虞白塵此時正與晏遲在珍寶閣的拍賣會上。晏遲這幾日靈力暴動久治不愈,在回春堂也沒有辦法之後猶豫了一下便找上了虞白塵。
他還記得上次自己靠近虞白塵之後身上氣息平和的事情。出於種種原因,在得知虞白塵想要珍寶閣一瓶靈藥時,晏遲突然開口答應用凌霄宗的身份幫他。
中洲的珍寶閣拍賣私藏品只有兩大宗門才有資格競拍,虞白塵雖說盛名已久,但因為身份問題還是無法競拍。
在得知凌霄宗願意幫他之後,他還詫異了一瞬。他本是準備找顧懨幫忙的,沒想到那位晏首席卻願意。
晏遲在門外向他點了點頭沒有說話,兩人一路無話分開坐在珍寶閣內,一直到顧懨過來。
在虞白塵傳音符亮起時晏遲就看到了,一抬頭便看見顧懨披著斗篷進來,毫不客氣的坐在了虞白塵旁邊。
“顧仙長……”管事的眼睛一亮走了過來。
顧懨直接道:“將我的資格給白塵。”
虞白塵心頭一跳,心下微暖,不過在管事離開之後見他還戴著斗篷,不由有些奇怪。
“阿懨,你渴膚症又犯了?”
之前顧懨渴膚症狀大約是兩三個月一犯,這次距離兩人接觸不過是半月,按理來說顧懨不會犯,但是現在他這副打扮卻叫虞白塵心中有些不確定。
不知道是不是因為狐族血脈在一步步激發的緣故,顧懨這次其實比往常更嚴重些,他放在椅子邊的手指蜷縮起來,蒼白細膩的指節上泛著些薄紅,像是在用力剋制些什麼。
樓上貴賓處的人不多,但在有人突然進入之後還是投來了目光。
顧懨深吸了口氣慢慢放鬆了手指,將身上令牌拍在桌上。那些人一看太清宗的令牌,立馬收回了目光。
直到旁邊人轉過頭去,顧懨才道:“我也不知道。”
“該死的!”
他話還沒說完就有些暴躁,緊抿著唇轉過頭去看向虞白塵:“白塵,我等會兒可能還需要再接觸一次。”
虞白塵心下一怔,耳後紅了些,還是點了點頭:“拍賣會馬上就完了,等會兒去客棧吧。”
顧懨雖然一直剋制著自己,此刻卻笑了起來。
“好白塵,多謝你。”
他即便是再難受,在這種時候也沒有觸碰過自己,虞白塵心中莫名有些動容,只覺得顧懨並不像外面說的那般。
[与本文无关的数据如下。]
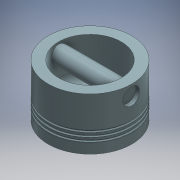
# Autodesk Inventor part: Piston
Saved by Autodesk Inventor 2016 (Build 200138000, 138)
## iProperties
Created: 2017-07-15
Part Number: Piston
Material: Steel, Carbon
Document SubType Name: Modeling
Designer: bobbyl
Density: 7.85 g/cm^3
Appearance: Lead
Mass: 146.659 g
Surface Area: 87.7069 cm^2
Volume: 18.6827 cm^3
Author: bobbyl
Autodesk Inventor part; units mm, degrees
ref_plane "XZ Plane" through (0, 0, 0) normal (0, 1, 0) x (-1, 0, 0)
sketch "Sketch1" plane through (0, 0, 0) normal (0, 0, 1) x (1, 0, 0)
  circle A0 centre (0, 0) radius 20
  dimension "d0" = 40
  constraints: 1 centre point, 1 coincident
  measures "d0" diameter of A0
extrude "Extrusion1" add sketch "Sketch1" along normal blind 25
shell "Shell1" thickness 5 removed faces 1 at (-2.364, 6.2334, 25)
fillet "Fillet1" radius 5 1 edges at (-15, 0, 5)
sketch "Sketch2" plane through (0, 0, 0) normal (1, 0, 0) x (0, 1, 0)
  line L0 (-28, 0) -> (28, 0) projected
  line L1 (0, -5) -> (0, 30) projected
  circle A0 centre (0, 20) radius 4
  line L2 (20, 25) -> (-20, 25) projected
  point P0 (0, 0)
  dimension "d5" = 8
  dimension "d6" = 5
  constraints: 1 centre point, 1 point on line
  measures "d5" diameter of A0
  measures "d6" distance from line of L2 A0.centre
extrude "Extrusion2" add sketch "Sketch2" along normal through all both and the other way through all
ref_plane "Work Plane1" through (18, 0, 0) normal (1, 0, 0) x (0, 1, 0)
sketch "Sketch3" plane through (18, 0, 0) normal (1, 0, 0) x (0, 1, 0)
  spline S0 degree 5 poles (4, 20) (4, 20.475) (3.9296, 20.9492) (3.7887, 21.4163) (3.5746, 21.8668) (3.0962, 22.5531) (2.8791, 22.8072) (2.6286, 23.0458) (2.3433, 23.263) (1.6847, 23.649) (1.3023, 23.8174) (0.8849, 23.938) (0.4453, 24) (-0.4453, 24) (-0.8849, 23.938) (-1.3023, 23.8174) (-1.6847, 23.649) (-2.3433, 23.263) (-2.6286, 23.0458) (-2.8791, 22.8072) (-3.0962, 22.5531) (-3.5746, 21.8668) (-3.7887, 21.4163) (-3.9296, 20.9492) (-4, 20.475) (-4, 19.6437) (-3.9603, 19.2875) (-3.881, 18.9346) (-3.7611, 18.5887) (-3.4806, 18.0102) (-3.3396, 17.7723) (-3.1752, 17.5422) (-2.9865, 17.3225) (-2.4836, 16.839) (-2.1457, 16.5837) (-1.7587, 16.3645) (-1.3265, 16.1959) (-0.4314, 15.9995) (0.0204, 15.9613) (0.4754, 15.9901) (0.9122, 16.0827) (1.662, 16.3427) (1.9854, 16.5006) (2.2787, 16.6866) (2.5408, 16.8939) (3.2793, 17.604) (3.6446, 18.1696) (3.8809, 18.7676) (4, 19.3828) (4, 20) knots 0 0 0 0 0 0 0.108769 0.108769 0.108769 0.108769 0.177598 0.177598 0.177598 0.177598 0.250135 0.250135 0.250135 0.250135 0.322672 0.322672 0.322672 0.322672 0.3915 0.3915 0.3915 0.3915 0.50027 0.50027 0.50027 0.50027 0.581861 0.581861 0.581861 0.581861 0.641459 0.641459 0.641459 0.641459 0.721814 0.721814 0.721814 0.721814 0.794745 0.794745 0.794745 0.794745 0.859101 0.859101 0.859101 0.859101 1 1 1 1 1 1 projected
  point P0 (0, 0)
  dimension "d10" = 0
  constraints: 3 other
extrude "Extrusion3" cut sketch "Sketch3" along normal through all
mirror "Mirror1" about plane through (0, 0, 0) normal (1, 0, 0) of "Extrusion3"
ref_plane "Work Plane2" through (0, 0, 5) normal (0, 0, 1) x (1, 0, 0)
sketch "Sketch4" plane through (0, 0, 5) normal (0, 0, 1) x (1, 0, 0)
  circle A0 centre (0, 0) radius 15 projected
  circle A1 centre (0, 0) radius 20 projected
  circle A2 centre (0, 0) radius 19
  dimension "d14" = 1
  constraints: 1 centre point
  measures "d14" radial gap between concentric circles of A1 A2
extrude "Extrusion4" cut sketch "Sketch4" along normal blind 1 contours A1
pattern_linear "Rectangular Pattern1" count 3 spacing 2 along (0, 0, 1) of "Extrusion4"
body "Solid1"

那人從進來之後到與虞白塵說話,全程都沒有看他一眼,晏遲臉色一下子黑了下來。
“顧懨,你什麼意思?”他語氣不悅,開口之後那人這才像是注意到他了一樣。
顧懨正渴膚症發作,極力忍著才沒有在大庭廣眾之下握住虞白塵的手,此時見晏遲在這兒皺了皺眉後也懶得計較。
“我今日和白塵有事,下次再賠你。”
他聲音淡淡,在拍賣會結束之後直接看向虞白塵準備離開。
晏遲見這人無視自己,下意識的便伸手攔住,沒想到卻無意中握住了顧懨手腕。顧懨被不喜之人觸碰已經不悅,此時被攔住更是不耐,這時不由轉過頭來道:
“晏首席還有什麼事?”
晏遲皺了皺眉,目光一頓。這才發覺顧懨手指蜷縮著,指節不知何時竟紅了。